If you encounter NaN losses:
1. The model has likely achieved good performance already
2. Use early stopping or reduce learning rate
3. Consider larger batch sizes for stability
## File Structure
```
hrm-mlx/
├── README.md # This file
├── requirements.txt # Python dependencies
├── pretrain.py # Main training script
├── evaluate.py # Evaluation script
├── train_sudoku.sh # Quick training script
├── models/ # Model implementation
│ ├── common.py # Common utilities
│ ├── layers.py # Neural network layers
│ ├── losses.py # Loss functions
│ ├── sparse_embedding.py
│ └── hrm/ # HRM specific modules
├── data/ # Dataset directory
│ └── sudoku-extreme/ # Sudoku dataset
└── checkpoints/ # Saved models
```
## Differences from Original
This implementation is mathematically identical to the original with these adaptations for MLX:
1. **Attention**: Standard scaled dot-product attention (no FlashAttention)
2. **Buffers**: Uses `mx.stop_gradient()` instead of PyTorch buffers
3. **Data Types**: Float32 throughout (MLX limitation for some operations)

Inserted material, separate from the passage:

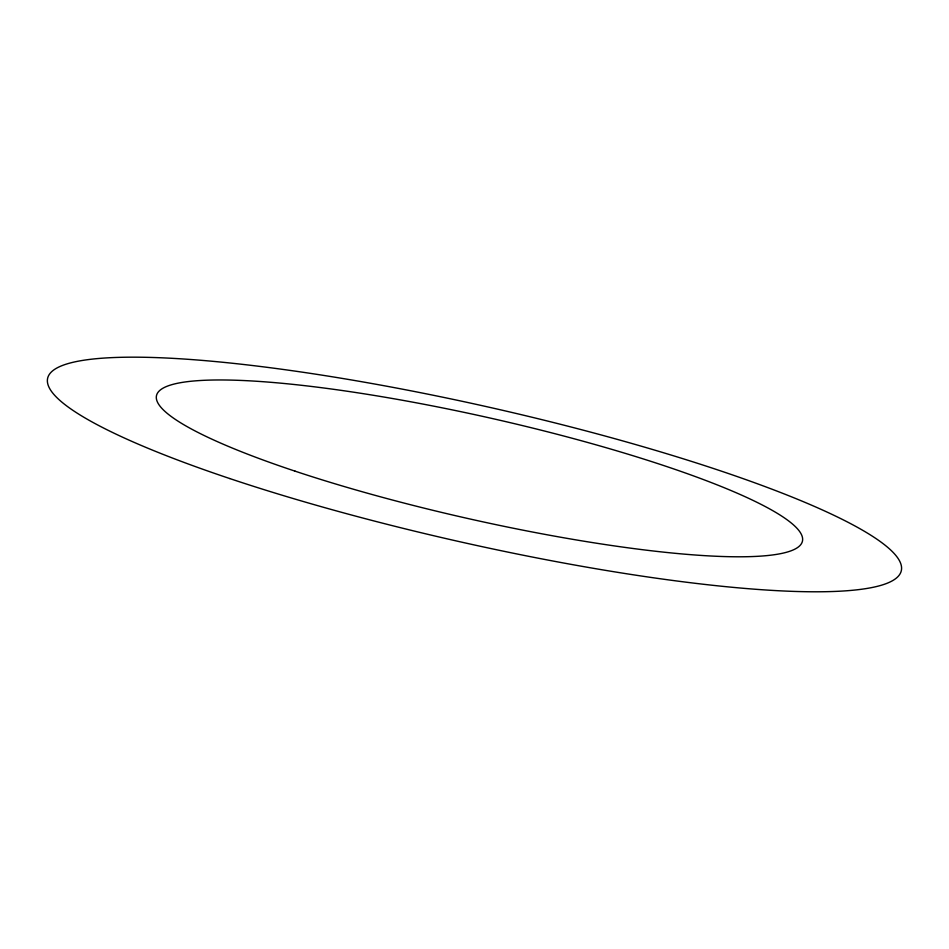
<?xml version="1.0" encoding="UTF-8"?>
<svg xmlns="http://www.w3.org/2000/svg" width="949" height="949" viewBox="0 0 949 949"><rect width="100%" height="100%" fill="white"/><g stroke="black" fill="none" stroke-linecap="round" stroke-linejoin="round"><path stroke-width="1.42" d="M295.056 471.155A331.059 51.448 12.7 0 0 801.431 543.647A331.059 51.448 12.7 0 0 341.794 390.454A331.059 51.448 12.7 0 0 295.056 471.155M229.777 478.557A437.536 68.826 12.7 0 0 899.984 573.979A437.536 68.826 12.7 0 0 293.692 370.917A437.536 68.826 12.7 0 0 229.777 478.557"/></g></svg>

4. **Optimizers**: MLX's AdamW implementation
5. **Checkpointing**: `.npz` format instead of PyTorch `.pt`
## Advanced Usage
### Custom Training
```python
from models.hrm import HierarchicalReasoningModel
from pretrain import HRMTrainer
# Create model with custom config
model = HierarchicalReasoningModel(
vocab_size=vocab_size,
d_model=768, # Larger model
H_cycles=4, # More reasoning cycles
L_cycles=4,
halt_max_steps=16 # More computation time
)
# Train with custom settings
trainer = HRMTrainer(
model=model,
learning_rate=5e-5,
batch_size=64
)
```
### Checkpointing
The trainer automatically:
- Saves checkpoints every 10 steps
- Keeps only the 2 most recent checkpoints
- Saves best model based on validation accuracy
- Supports auto-resume from latest checkpoint
## Citation
If you use this implementation, please cite the original HRM paper:
```bibtex
@article{wang2025hierarchical,
title={Hierarchical Reasoning Model},
author={Wang, Guan and Li, Jin and Sun, Yuhao and Chen, Xing and Liu, Changling and Wu, Yue and Lu, Meng and Song, Sen and Yadkori, Yasin Abbasi},
journal={arXiv preprint arXiv:2506.21734},
year={2025}
}
```
## Acknowledgments
- Original HRM authors for the groundbreaking architecture
- Apple MLX team for the excellent framework
- The original implementation served as the exact reference
## License
This implementation follows the same license as the original HRM repository.